A FEW years ago, President Mary McAleese caused a stir when she failed to attend the prestigious Aga Khan Cup competition at the RDS, an event at which the President normally presides. Her excuse? She was attending an Irish language course in Donegal. Her decision did not go down well with those in show-jumping circles at the time, I recall, but I thought it a mightily impressive move. I found it inspiring that the President of Ireland considered her personal development in the Irish language more important than attending the country’s most glamorous show-jumping event. A lady with her priorities firmly in order, and not afraid to admit it, I thought.
I was reminded of Mrs McAleese’s stand last week when reading through the Government’s ‘Statement on the Irish Language 2006’. Published just before Christmas, I had intended to read it at my leisure between festive feasts and bad television over the holidays, but somehow didn’t quite get around to it. I could have, had I bothered to open it at all, because when I finally did settle down to examine it on a wet evening last week, the scrutiny was completed in less than 20 minutes.
The statement’s purpose is merely to outline what the Government hopes to achieve through its 20-year strategy for the Irish language, which will be developed over the next two years by Fóram na Gaeilge (consisting of relevant State departments, organisations that have a central role in relation to the Irish language such as Foras na Gaeilge, Údarás na Gaeltachta, TG4, Raidió na Gaeltachta and the voluntary sector).
The 35-page statement document details the Government’s vision for the Irish language, which includes increasing ‘on an incremental basis the use and knowledge of Irish as a community language’ and ensuring that ‘as many citizens as possible are bilingual in both Irish and English’.
Among the ‘objectives’ of the statement (and by extension the 20-year strategy, one presumes) is upholding the special status given to Irish in various acts such as the Official Language Act 2003 and the Broadcasting Act 2001, among others. Is this a sideways acknowledgement that these acts are currently not being upheld and are thus useless? ‘The Gaeltacht will be given special support as an Irish-speaking area’, the objectives section also declares. Has such support not always been in place?

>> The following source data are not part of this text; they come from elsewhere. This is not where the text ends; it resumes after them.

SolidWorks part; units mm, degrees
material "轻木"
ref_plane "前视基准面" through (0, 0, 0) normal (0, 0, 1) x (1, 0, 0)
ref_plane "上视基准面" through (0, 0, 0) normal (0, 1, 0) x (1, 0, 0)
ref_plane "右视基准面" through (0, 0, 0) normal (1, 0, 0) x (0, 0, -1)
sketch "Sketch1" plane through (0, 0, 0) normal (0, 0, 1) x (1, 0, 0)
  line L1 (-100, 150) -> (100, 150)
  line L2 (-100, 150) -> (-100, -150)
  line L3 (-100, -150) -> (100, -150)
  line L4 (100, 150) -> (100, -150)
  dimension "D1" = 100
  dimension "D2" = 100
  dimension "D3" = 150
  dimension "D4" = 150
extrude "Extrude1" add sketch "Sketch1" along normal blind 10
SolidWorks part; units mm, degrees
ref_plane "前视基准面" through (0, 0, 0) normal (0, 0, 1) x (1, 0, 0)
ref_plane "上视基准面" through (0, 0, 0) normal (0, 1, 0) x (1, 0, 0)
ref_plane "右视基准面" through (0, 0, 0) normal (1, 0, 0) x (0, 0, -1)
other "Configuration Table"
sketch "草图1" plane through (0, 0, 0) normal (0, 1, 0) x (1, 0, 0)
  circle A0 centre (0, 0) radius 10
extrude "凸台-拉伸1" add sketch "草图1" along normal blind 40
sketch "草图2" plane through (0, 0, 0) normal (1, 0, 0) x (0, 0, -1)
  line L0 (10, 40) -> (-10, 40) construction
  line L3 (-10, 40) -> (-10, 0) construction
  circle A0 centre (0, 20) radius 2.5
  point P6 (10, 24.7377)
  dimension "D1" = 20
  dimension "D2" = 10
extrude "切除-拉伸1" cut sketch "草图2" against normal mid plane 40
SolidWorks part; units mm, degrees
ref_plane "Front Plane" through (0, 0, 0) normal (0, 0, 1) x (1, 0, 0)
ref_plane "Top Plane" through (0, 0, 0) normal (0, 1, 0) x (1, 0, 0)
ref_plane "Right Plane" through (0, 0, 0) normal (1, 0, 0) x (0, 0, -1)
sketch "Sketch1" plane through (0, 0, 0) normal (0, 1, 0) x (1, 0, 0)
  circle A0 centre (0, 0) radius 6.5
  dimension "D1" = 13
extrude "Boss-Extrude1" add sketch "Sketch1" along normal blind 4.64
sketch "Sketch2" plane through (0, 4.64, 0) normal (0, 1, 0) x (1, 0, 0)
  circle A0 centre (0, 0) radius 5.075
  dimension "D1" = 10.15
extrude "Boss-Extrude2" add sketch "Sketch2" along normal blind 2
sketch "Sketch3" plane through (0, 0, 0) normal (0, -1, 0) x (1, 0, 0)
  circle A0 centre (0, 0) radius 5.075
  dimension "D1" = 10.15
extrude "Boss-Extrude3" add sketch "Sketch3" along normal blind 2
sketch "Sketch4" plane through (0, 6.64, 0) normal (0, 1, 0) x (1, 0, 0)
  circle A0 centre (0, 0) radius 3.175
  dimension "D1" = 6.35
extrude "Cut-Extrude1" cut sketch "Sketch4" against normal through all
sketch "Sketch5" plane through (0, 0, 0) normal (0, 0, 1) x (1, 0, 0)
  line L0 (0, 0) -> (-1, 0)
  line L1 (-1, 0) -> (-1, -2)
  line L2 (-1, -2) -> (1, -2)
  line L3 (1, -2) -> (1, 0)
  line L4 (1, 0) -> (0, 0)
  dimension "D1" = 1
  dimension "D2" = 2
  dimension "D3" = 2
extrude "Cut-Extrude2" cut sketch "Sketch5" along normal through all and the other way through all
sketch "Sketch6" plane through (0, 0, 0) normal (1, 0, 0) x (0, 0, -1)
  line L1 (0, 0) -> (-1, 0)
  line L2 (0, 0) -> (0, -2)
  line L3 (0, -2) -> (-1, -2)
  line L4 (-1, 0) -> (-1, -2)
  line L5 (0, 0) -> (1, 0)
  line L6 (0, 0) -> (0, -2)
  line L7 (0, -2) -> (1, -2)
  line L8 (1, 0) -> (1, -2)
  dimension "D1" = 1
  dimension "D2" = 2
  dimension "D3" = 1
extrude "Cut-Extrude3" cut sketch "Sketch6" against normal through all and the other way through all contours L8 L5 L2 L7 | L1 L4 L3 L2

Continuing the policy of compulsory Irish in schools from primary level to Leaving Cert is also promised as an objective, a clear indication that Fóram na Gaeilge’s remit will not extend to examining if this is the best thing for the language.
‘The use of the Irish language by the Garda Síochána and the Defence Forces will be continued and developed’ we are also told. How this will be ‘developed’ given the new, multicultural direction in which these forces are going is not clear.
All initiatives aimed at improving the status of the Irish language are to be welcomed and perhaps this 20-year strategy really will be radical and will succeed in building a bilingual society, with Irish as the second – and used – language of the majority. But, on the basis of the ‘statement’, the signs do not look hopeful. It is hard to believe that this statement was not hastily thrown together to focus attention on the Government’s commitment to the Irish language due to its impending inclusion as one of the 23 official languages of the EU. Another routine genuflection in the direction of the Irish language. A let-it-not-be-said-that-we’re-not-doing-our-bit-for-the-language effort.
Official recognition of, and protection for, our native language is important for its survival. But not if it is tokenism. The Government – or the EU – saying that Irish is important does not make it so for the ordinary people of this country. With plenty of other demands on their time, Irish people will not think twice about the Irish language, much less about learning and speaking it, unless they are inspired to do so. This is one of those rare instances where words actually could speak louder than actions: through more members of the Government, and other national figures, using their native tongue instead of talking about how wonderful it is – in English.
Padraig Pearse’s words of a century ago still ring true today: ‘Don’t praise the Irish language, speak it.’ Mary McAleese gets it.